Currently on the list are 19 food items, including mealies, rice, brown bread, eggs, milk, vegetable oil, lentils and tinned pilchards.

Not included are polony, chicken, tinned foods and flour, which are staple foods for many.

Isobel Frye, director of the nonprofit Studies in Poverty and Inequality Institute, supported Pacsa’s statement about the likelihood of food protests.

REVOLTS

“Globally, revolts around food prices have started,” she said.

“There are devastating reports indicating that poverty increased significantly in South Africa between 2011 and 2015,” said Frye.

“One in four people cannot afford to buy food and this indicates that poverty isn’t the priority in the country. What do we mean when we say we’re serious about resolving poverty?”

In its report dated March 5, Pacsa states: “The South African government does not regulate food prices, nor does it control the crude oil price.
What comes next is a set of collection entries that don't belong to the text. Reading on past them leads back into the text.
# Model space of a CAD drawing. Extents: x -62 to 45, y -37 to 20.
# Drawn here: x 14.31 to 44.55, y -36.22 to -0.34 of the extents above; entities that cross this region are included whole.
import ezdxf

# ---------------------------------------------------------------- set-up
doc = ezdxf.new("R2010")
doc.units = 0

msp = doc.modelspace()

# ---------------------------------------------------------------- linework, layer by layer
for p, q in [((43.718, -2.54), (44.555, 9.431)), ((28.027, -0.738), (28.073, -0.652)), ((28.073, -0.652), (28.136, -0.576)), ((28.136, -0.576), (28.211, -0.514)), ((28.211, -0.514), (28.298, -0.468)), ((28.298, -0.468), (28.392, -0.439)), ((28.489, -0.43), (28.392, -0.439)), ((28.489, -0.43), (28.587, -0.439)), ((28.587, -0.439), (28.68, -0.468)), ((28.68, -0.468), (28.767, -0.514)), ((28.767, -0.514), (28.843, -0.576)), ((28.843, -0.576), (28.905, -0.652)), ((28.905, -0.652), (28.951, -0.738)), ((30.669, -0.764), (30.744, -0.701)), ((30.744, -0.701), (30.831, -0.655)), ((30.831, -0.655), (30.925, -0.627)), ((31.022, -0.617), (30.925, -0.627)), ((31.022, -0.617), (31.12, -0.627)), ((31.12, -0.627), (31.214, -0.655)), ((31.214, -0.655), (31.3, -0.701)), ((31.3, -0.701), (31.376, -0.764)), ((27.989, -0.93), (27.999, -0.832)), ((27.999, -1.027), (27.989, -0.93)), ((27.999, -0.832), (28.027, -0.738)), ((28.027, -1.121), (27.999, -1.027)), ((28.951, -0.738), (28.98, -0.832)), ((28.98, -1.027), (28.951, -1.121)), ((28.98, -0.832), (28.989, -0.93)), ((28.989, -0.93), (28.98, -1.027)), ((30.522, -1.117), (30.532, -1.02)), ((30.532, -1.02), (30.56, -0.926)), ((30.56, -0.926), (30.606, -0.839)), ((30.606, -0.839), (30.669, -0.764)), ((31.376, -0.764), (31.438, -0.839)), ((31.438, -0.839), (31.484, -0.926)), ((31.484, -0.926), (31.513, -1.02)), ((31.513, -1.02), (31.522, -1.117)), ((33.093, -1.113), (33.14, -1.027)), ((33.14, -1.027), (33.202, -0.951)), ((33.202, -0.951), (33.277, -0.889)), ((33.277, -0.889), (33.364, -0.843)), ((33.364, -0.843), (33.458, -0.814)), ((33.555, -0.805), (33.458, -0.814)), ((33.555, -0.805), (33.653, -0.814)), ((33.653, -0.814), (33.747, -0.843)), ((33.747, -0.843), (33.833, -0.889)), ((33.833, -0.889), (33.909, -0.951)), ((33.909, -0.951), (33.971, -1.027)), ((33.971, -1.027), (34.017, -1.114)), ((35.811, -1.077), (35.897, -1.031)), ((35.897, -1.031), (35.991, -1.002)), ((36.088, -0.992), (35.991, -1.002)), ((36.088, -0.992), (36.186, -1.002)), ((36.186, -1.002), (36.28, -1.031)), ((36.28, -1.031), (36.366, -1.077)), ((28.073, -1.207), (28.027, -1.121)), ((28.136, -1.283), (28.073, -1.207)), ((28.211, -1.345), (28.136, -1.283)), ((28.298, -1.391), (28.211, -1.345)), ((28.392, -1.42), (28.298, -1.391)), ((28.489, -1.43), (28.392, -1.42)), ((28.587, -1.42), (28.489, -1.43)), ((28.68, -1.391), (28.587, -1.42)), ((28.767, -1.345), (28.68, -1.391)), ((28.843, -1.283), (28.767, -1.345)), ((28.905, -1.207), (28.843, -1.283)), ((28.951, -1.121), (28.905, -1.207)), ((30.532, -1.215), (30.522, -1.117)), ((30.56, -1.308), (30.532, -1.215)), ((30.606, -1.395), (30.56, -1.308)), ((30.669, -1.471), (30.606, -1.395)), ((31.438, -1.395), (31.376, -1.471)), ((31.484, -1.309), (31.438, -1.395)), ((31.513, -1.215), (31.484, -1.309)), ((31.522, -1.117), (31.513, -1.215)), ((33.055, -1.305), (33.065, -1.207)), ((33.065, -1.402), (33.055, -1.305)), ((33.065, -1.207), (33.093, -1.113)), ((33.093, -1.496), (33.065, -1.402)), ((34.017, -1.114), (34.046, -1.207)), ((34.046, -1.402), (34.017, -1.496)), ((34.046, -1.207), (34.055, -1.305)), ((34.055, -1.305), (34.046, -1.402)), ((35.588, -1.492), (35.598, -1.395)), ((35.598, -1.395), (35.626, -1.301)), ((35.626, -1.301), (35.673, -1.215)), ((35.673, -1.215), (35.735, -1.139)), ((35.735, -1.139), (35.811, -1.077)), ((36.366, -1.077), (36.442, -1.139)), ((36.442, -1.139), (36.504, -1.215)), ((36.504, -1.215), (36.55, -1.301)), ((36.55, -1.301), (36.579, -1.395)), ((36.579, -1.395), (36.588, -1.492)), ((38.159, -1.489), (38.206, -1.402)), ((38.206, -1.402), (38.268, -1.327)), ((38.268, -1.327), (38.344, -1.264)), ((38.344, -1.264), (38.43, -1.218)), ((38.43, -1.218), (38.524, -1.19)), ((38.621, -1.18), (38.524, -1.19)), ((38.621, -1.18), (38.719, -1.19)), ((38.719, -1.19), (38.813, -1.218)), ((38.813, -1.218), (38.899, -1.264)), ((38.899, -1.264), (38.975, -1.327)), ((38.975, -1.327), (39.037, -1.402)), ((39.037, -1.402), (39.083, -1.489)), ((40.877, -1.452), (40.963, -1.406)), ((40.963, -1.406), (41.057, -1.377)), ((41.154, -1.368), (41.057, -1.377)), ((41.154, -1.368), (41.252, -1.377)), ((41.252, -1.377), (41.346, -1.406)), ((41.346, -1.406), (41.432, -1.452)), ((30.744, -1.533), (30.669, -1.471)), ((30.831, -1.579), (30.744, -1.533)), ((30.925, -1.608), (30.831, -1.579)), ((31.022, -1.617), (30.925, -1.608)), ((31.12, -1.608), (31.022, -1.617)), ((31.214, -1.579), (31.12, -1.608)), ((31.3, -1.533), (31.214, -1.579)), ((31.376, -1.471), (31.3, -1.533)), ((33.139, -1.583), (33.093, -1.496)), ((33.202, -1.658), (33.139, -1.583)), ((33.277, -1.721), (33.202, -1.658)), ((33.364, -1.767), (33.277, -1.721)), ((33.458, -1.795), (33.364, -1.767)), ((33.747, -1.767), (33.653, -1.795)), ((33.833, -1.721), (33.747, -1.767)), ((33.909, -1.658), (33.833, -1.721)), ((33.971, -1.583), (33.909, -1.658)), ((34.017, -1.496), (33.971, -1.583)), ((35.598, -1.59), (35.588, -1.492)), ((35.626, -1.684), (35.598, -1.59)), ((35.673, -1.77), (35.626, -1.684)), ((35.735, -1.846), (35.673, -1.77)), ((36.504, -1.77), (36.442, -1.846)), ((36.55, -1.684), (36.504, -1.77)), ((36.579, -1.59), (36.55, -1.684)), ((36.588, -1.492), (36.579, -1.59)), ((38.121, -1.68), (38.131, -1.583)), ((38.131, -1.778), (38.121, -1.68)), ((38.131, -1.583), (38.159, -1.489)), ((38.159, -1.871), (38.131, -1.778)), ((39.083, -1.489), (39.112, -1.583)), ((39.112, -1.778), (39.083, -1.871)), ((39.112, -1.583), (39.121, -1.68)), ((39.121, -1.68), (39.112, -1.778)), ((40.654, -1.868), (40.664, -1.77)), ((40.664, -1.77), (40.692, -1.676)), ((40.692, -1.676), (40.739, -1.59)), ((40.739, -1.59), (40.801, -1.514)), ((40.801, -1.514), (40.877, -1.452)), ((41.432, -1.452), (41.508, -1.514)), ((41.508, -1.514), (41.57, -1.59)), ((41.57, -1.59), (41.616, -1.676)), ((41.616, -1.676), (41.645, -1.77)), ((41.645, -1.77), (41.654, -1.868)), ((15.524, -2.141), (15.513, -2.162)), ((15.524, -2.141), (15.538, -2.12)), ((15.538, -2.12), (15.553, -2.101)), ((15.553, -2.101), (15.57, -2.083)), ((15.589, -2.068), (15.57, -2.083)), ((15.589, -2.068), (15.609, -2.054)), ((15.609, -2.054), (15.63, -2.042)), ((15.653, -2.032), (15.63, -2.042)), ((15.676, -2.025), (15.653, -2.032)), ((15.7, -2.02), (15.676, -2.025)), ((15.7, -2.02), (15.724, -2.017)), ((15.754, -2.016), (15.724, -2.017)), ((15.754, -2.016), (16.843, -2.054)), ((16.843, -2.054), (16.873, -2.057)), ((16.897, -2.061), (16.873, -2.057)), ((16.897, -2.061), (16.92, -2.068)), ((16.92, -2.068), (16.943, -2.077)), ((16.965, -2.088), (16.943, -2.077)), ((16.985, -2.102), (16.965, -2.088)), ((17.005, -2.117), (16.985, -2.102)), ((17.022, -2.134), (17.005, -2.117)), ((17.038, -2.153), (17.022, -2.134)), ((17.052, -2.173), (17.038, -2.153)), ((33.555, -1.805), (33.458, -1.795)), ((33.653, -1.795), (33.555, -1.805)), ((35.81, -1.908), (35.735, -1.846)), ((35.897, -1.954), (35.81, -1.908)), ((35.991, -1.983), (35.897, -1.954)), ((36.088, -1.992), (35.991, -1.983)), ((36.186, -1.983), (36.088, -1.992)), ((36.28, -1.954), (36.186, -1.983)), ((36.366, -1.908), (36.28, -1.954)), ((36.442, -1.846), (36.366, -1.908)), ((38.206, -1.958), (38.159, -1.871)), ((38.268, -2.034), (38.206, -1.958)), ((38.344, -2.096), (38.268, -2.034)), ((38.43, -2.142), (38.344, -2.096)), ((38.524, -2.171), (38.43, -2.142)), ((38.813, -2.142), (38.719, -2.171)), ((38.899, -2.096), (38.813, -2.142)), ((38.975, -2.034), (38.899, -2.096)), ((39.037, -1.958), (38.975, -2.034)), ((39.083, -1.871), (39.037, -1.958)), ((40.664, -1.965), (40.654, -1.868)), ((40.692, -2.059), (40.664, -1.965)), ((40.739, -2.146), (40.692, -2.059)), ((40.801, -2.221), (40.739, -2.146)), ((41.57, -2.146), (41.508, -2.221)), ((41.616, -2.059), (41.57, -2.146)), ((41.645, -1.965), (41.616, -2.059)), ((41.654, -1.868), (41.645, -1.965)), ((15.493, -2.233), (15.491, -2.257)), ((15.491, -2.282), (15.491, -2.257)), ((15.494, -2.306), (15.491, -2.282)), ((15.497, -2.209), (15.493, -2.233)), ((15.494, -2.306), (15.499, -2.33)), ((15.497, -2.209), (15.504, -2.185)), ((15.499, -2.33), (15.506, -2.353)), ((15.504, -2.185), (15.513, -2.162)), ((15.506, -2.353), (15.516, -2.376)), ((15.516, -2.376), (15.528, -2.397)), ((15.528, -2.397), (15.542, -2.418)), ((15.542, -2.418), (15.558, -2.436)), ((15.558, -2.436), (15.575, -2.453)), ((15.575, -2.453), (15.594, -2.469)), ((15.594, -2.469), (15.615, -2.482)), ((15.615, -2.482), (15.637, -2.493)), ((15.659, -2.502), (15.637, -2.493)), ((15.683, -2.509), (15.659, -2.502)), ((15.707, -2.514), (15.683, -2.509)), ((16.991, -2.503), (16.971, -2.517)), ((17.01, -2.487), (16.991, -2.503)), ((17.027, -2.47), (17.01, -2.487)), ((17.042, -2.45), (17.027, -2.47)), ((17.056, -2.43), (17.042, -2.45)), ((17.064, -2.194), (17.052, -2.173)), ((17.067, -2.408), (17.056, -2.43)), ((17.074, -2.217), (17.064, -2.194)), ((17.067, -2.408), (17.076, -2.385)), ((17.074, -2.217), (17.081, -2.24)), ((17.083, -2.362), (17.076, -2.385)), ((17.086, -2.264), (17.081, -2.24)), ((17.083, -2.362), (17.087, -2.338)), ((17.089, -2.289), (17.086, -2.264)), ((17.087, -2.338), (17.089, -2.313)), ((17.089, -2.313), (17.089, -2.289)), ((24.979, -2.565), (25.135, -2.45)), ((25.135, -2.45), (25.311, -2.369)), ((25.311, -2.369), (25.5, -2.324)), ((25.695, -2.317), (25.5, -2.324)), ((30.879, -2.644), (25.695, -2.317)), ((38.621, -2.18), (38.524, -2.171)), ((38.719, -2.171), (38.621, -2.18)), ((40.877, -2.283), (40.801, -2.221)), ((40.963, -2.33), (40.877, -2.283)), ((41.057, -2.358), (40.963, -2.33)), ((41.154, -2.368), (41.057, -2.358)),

It should not tax what it cannot control.

“In this context, instituting an increase in VAT on a good that government has no control over – and which in the past three years has proved to be highly volatile, if not wildly unpredictable (and damaging), and given the special and critical role food plays in our health and for all our developmental outcomes and social stability, more so in the context of rising poverty and substantial underspending on food – is very reckless.”

Pacsa said it had been warning over the past few years that South Africa was fast approaching a tipping point where widespread hunger riots and food protests could emerge.

According to the report, the food value chain is controlled by few oligopolies who do not compete on prices, which therefore remain high.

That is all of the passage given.